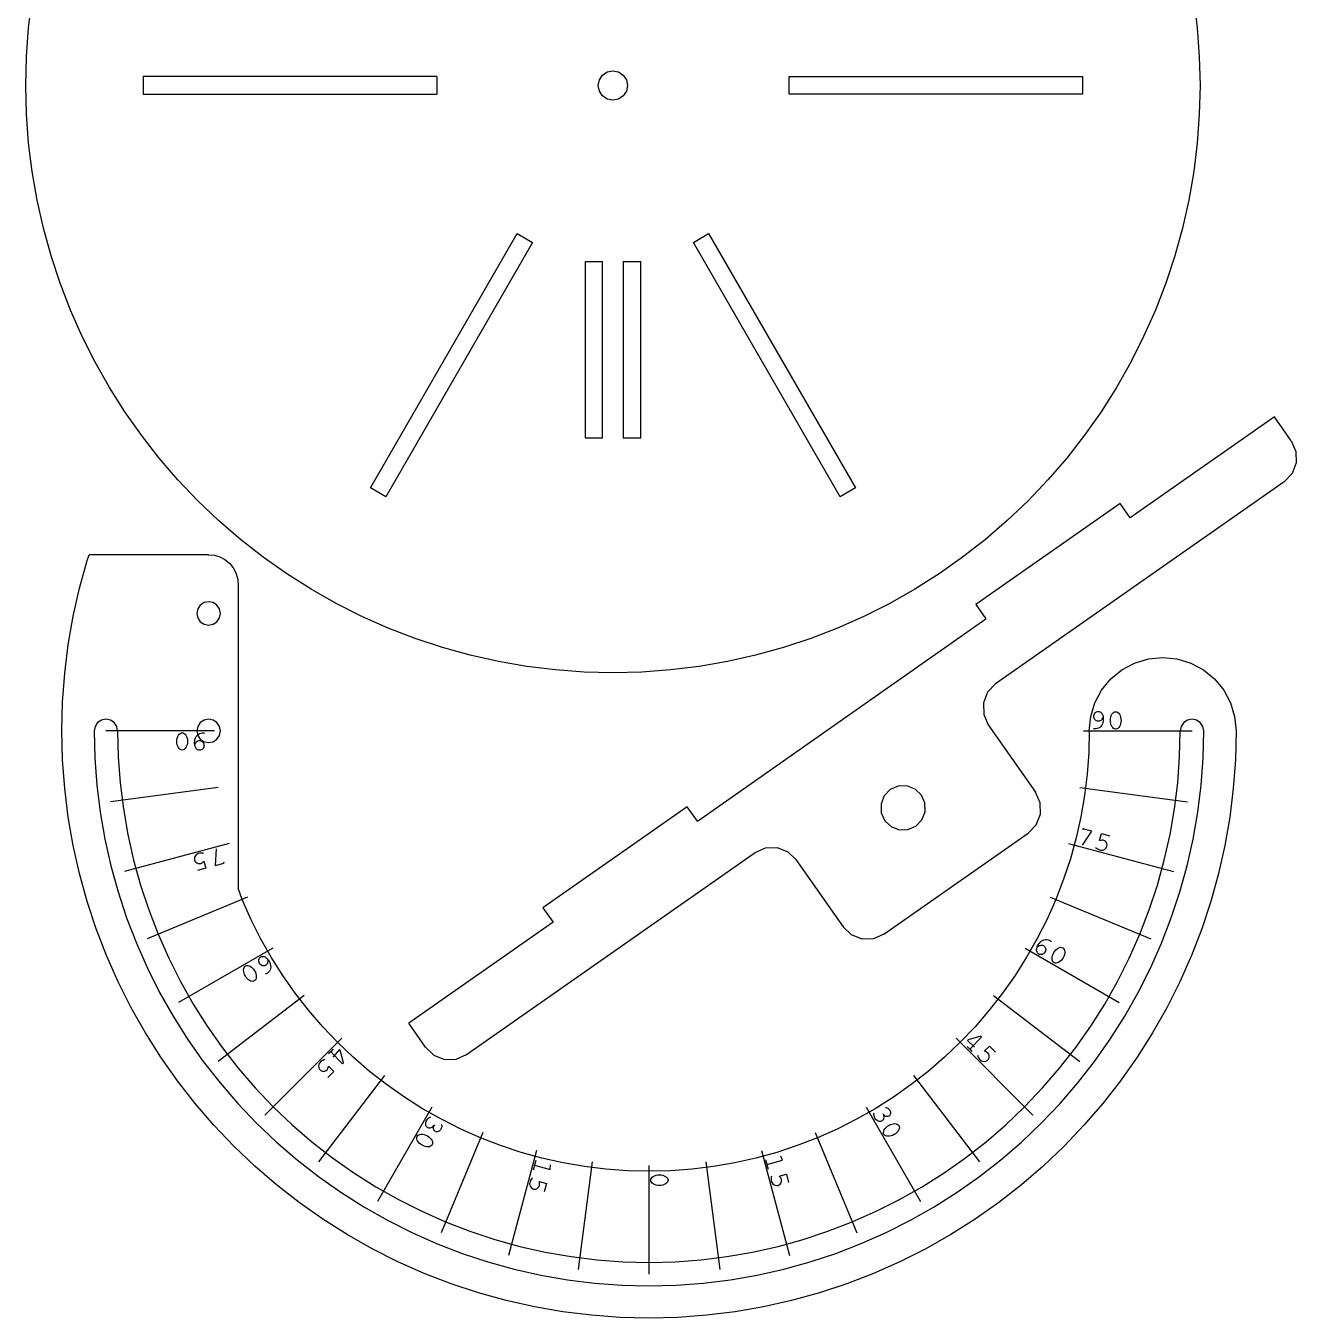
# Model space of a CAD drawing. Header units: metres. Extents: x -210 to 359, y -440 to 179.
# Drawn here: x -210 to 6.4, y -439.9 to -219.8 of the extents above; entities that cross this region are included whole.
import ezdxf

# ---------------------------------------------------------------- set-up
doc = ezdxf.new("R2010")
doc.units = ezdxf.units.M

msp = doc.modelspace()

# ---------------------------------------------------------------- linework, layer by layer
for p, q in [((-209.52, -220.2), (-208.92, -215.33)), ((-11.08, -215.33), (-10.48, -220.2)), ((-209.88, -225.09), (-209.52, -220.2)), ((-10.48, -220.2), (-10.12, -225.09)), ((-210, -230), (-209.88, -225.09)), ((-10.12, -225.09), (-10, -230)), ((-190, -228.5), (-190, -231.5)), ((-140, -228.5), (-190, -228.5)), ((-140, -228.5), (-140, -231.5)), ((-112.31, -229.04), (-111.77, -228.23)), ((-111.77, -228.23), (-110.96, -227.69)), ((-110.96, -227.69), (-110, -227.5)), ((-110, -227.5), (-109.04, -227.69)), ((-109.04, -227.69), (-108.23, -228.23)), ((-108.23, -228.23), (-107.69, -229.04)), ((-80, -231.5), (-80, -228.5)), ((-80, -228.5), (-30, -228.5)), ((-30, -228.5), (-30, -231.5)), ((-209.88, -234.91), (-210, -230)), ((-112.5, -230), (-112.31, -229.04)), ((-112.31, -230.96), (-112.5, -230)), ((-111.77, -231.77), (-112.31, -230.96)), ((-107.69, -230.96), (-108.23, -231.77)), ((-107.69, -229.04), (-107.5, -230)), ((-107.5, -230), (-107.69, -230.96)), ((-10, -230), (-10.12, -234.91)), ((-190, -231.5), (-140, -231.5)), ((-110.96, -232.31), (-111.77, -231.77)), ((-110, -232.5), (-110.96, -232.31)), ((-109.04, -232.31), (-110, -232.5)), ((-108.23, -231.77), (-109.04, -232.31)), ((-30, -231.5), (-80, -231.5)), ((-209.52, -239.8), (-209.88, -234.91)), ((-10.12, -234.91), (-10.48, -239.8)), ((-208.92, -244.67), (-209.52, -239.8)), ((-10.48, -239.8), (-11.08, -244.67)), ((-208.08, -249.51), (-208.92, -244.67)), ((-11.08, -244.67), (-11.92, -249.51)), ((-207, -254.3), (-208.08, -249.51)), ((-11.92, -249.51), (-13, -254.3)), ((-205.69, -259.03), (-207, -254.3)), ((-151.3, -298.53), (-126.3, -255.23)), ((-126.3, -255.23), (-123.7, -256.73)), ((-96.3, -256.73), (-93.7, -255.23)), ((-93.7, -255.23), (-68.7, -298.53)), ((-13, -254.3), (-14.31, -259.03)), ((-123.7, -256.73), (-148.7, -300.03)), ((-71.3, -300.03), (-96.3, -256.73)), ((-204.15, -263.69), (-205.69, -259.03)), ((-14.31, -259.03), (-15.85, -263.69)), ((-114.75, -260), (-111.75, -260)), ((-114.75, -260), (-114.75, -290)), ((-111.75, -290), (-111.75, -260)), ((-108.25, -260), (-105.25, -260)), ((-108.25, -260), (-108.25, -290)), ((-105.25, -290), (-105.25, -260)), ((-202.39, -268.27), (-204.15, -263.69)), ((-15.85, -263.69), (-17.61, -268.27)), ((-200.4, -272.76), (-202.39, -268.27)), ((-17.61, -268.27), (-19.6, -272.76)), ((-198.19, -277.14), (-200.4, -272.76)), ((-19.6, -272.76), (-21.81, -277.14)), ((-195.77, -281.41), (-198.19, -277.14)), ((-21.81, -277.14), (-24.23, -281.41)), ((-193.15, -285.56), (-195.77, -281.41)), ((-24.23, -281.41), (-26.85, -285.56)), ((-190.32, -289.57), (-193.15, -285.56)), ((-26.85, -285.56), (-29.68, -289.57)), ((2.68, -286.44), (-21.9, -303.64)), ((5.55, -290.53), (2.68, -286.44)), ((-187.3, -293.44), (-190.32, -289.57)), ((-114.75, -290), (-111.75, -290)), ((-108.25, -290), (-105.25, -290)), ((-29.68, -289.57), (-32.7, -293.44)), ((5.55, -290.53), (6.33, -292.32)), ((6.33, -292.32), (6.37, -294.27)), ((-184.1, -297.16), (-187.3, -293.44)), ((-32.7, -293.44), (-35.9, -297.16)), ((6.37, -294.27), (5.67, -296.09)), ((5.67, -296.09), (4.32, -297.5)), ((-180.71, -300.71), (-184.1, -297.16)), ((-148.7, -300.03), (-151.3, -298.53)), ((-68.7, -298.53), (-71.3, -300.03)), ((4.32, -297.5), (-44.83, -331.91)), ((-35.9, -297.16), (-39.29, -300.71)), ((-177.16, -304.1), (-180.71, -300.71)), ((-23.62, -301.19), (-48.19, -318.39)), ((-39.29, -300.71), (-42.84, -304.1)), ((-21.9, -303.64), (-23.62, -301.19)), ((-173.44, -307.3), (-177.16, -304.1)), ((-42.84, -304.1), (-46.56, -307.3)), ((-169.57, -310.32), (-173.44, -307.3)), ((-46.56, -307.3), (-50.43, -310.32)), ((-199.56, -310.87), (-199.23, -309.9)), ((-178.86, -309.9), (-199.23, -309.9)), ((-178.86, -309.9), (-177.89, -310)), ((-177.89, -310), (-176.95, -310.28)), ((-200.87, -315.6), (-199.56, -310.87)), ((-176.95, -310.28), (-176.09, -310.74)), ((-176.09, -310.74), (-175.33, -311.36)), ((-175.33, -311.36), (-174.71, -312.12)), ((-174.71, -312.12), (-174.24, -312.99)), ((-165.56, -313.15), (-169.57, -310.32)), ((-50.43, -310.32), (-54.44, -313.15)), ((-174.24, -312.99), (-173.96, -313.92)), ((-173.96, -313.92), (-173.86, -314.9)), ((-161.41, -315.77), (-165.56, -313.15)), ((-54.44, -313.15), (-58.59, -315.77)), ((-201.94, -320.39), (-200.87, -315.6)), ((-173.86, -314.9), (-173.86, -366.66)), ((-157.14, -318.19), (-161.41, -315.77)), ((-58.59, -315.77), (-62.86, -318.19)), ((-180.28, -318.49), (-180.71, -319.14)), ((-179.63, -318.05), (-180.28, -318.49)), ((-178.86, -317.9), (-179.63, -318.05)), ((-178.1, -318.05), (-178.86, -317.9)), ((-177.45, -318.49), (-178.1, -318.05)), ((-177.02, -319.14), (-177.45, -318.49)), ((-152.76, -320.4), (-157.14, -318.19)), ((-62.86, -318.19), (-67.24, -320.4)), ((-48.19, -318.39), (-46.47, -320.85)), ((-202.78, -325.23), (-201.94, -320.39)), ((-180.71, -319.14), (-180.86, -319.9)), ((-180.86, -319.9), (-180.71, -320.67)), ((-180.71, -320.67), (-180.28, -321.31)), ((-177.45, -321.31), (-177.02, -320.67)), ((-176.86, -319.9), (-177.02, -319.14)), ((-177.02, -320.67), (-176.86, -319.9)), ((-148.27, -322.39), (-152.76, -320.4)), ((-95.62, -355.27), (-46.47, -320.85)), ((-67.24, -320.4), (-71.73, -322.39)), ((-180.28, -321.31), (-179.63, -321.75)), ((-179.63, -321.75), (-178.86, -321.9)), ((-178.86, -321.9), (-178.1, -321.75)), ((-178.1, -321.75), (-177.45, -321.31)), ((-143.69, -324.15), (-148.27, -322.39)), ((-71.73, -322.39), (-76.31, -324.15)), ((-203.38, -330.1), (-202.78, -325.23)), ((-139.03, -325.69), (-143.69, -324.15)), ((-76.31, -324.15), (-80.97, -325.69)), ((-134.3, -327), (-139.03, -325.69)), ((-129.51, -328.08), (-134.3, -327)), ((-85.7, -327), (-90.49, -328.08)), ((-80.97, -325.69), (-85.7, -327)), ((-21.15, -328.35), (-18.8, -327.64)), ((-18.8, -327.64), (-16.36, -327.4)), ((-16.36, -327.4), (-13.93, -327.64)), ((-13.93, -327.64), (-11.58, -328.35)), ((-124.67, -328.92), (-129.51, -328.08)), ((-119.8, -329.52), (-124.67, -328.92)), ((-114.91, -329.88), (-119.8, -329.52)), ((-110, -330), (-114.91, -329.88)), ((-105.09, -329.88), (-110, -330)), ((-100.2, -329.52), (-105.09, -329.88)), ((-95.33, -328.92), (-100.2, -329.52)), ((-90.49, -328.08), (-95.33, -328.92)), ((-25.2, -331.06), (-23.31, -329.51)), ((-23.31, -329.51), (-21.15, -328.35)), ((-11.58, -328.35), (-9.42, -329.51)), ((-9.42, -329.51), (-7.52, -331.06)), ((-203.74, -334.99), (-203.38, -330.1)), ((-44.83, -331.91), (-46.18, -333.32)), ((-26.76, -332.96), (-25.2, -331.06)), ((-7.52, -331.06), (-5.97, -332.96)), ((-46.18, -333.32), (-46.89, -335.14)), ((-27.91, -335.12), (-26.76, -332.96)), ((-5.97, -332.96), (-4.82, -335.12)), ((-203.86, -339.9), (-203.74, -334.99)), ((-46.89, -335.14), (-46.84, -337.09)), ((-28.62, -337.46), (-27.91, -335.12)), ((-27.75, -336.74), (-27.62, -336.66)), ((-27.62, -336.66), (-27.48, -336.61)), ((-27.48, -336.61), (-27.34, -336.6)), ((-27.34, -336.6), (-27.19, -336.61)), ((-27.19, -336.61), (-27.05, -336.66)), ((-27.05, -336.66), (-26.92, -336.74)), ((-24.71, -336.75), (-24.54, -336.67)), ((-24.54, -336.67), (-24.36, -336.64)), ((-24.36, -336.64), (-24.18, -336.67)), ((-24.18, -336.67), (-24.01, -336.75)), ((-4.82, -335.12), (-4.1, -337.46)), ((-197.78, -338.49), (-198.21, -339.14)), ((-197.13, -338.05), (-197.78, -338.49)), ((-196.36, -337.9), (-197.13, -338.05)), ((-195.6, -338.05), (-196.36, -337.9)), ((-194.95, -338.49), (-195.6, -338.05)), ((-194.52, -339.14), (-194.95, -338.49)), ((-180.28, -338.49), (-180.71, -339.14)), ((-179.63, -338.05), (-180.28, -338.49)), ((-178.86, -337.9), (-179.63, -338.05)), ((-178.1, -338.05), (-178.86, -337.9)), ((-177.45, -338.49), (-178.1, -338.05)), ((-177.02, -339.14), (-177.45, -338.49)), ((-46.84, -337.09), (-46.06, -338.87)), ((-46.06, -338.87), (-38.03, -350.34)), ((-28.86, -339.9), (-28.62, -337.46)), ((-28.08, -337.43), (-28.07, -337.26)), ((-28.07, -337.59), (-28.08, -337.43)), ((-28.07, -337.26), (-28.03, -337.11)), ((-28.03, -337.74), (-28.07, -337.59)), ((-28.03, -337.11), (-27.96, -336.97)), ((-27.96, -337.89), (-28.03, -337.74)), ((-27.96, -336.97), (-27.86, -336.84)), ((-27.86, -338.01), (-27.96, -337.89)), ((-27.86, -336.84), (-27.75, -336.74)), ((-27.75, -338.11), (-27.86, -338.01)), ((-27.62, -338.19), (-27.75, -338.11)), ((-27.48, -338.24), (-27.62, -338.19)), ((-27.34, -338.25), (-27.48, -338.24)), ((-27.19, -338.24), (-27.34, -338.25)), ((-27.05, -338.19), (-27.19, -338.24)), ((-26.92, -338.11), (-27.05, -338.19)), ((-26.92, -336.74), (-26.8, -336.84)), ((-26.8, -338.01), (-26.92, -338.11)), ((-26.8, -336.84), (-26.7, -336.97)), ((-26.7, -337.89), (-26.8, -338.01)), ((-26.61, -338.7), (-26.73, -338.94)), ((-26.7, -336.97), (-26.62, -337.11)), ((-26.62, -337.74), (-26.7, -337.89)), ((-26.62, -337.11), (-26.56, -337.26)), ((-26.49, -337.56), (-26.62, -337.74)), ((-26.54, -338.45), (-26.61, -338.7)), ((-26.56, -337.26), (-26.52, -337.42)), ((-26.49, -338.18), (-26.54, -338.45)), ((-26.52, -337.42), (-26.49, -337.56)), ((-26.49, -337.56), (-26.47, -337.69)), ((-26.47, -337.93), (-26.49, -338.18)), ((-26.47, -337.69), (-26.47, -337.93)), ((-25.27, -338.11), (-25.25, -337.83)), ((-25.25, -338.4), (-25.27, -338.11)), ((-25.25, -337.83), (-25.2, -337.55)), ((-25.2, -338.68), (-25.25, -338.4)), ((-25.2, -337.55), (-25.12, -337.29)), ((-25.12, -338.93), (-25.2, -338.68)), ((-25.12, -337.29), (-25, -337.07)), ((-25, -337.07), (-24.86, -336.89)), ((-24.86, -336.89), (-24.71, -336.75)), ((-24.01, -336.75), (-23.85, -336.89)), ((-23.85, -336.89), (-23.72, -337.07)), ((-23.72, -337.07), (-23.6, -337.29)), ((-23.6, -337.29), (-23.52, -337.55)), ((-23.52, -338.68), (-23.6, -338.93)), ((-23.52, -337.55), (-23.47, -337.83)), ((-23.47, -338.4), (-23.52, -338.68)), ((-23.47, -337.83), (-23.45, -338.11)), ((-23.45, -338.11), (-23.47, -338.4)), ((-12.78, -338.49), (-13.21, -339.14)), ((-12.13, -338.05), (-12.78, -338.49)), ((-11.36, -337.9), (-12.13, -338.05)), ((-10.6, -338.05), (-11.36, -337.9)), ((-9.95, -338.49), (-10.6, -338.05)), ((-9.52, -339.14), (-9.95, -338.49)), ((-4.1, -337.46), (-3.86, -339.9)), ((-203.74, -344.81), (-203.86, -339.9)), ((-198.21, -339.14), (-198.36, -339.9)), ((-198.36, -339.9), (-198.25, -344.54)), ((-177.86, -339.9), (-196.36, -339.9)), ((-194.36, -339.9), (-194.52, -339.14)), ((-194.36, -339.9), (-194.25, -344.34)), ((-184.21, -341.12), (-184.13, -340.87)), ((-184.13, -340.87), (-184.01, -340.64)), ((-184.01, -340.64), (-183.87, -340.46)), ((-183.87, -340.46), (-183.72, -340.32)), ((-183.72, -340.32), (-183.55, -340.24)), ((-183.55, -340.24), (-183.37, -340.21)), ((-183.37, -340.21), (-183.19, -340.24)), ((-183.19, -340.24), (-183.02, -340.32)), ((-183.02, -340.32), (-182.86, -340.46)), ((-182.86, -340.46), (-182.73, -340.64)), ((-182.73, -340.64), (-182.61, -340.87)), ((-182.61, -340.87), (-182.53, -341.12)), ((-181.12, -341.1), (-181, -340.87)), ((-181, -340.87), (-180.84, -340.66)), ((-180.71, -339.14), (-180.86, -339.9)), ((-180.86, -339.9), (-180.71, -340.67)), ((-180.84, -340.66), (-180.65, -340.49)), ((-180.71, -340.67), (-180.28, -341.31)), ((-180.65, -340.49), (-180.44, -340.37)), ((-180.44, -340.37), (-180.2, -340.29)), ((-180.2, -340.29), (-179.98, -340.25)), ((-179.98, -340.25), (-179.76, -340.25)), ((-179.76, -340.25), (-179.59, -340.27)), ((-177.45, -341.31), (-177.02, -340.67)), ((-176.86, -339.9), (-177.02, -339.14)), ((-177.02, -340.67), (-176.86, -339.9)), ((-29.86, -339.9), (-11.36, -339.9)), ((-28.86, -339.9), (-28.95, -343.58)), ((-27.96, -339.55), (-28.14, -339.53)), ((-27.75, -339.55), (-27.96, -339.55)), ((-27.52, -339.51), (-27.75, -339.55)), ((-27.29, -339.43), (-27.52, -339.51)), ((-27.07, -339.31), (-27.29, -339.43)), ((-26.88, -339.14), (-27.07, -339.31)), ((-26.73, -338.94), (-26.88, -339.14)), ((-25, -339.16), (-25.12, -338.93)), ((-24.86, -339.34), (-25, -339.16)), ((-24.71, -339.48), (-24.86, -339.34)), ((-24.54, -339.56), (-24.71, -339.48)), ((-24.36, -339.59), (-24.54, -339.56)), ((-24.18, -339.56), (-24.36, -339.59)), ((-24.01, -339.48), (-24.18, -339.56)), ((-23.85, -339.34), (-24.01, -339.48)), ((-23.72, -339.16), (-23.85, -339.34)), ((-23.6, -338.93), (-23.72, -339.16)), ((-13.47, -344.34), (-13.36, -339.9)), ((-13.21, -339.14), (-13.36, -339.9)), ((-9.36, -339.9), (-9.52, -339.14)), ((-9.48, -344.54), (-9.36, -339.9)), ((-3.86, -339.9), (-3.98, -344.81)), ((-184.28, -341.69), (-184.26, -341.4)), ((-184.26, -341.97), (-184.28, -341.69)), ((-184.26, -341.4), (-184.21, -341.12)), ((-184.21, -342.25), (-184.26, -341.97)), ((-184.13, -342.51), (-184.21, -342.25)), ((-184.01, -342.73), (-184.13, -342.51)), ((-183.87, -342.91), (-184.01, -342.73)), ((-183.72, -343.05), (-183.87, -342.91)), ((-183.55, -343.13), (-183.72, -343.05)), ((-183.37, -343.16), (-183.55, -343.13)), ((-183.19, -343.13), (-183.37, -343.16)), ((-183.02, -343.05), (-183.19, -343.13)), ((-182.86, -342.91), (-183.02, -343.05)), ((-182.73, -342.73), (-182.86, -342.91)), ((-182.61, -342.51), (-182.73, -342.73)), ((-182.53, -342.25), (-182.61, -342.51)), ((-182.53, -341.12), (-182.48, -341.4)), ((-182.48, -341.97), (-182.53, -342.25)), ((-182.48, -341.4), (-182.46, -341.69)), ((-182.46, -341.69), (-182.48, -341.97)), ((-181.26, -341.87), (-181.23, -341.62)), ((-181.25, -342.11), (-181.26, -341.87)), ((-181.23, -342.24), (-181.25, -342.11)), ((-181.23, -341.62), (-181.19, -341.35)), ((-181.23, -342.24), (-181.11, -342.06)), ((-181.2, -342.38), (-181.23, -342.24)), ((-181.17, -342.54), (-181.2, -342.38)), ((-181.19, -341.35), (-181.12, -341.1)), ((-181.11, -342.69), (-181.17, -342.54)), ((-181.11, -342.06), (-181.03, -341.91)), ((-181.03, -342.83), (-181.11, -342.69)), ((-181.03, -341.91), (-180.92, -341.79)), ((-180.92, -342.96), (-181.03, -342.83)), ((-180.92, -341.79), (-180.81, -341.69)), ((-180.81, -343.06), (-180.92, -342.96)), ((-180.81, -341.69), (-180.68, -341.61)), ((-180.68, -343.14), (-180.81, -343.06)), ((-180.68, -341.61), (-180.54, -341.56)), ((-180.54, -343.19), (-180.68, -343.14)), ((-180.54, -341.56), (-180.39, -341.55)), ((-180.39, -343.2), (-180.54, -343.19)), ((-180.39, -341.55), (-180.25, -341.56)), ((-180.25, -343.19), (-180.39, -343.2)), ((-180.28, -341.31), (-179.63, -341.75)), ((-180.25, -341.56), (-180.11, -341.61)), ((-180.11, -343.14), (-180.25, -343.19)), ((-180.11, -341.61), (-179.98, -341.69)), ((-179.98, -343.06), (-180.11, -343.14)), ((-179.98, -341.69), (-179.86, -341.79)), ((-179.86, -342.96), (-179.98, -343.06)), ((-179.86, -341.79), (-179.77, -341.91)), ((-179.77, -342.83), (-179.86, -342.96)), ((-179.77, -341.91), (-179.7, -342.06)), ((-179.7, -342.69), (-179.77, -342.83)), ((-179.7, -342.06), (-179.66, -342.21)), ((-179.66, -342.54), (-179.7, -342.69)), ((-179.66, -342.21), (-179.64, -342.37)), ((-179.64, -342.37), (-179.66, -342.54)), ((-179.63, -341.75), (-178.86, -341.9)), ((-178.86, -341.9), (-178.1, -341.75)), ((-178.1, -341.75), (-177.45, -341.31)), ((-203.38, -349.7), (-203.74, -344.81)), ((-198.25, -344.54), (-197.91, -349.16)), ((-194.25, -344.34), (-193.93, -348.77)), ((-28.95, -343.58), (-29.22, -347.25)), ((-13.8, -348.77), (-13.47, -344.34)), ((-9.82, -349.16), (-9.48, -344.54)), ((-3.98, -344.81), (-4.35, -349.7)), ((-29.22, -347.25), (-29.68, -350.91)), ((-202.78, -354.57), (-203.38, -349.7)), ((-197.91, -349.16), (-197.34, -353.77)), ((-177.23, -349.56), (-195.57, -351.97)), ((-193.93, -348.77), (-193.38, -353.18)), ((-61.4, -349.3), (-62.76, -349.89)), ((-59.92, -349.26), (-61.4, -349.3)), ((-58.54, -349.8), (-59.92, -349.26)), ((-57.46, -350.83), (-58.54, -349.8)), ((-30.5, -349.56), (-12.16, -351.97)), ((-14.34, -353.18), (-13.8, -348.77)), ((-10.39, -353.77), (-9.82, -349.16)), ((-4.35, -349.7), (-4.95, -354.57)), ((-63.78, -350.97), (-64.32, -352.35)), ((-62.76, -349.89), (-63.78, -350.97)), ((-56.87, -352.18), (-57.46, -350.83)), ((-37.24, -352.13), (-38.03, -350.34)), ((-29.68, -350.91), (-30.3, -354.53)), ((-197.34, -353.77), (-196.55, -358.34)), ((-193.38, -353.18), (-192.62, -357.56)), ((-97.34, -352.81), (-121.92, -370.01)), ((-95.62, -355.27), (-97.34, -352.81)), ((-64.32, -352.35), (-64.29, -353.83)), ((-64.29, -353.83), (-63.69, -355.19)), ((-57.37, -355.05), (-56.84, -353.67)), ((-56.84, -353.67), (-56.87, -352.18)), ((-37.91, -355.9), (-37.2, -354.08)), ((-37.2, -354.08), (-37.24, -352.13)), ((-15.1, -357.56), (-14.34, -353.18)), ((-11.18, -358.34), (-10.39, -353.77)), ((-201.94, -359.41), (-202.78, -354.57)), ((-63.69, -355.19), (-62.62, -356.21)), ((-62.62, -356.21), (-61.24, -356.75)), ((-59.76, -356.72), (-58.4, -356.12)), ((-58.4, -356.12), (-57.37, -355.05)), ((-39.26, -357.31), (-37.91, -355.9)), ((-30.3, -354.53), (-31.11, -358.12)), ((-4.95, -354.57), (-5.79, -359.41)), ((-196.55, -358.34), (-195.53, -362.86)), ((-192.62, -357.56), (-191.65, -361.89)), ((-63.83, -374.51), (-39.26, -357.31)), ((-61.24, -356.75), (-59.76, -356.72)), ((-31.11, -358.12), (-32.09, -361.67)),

########################################

* **Exercise instructions**
When "units" shows up in a line of the material, report that line.

* **Solution**
# Model space of a CAD drawing. Header units: metres. Extents: x -210 to 359, y -440 to 179.
doc.units = ezdxf.units.M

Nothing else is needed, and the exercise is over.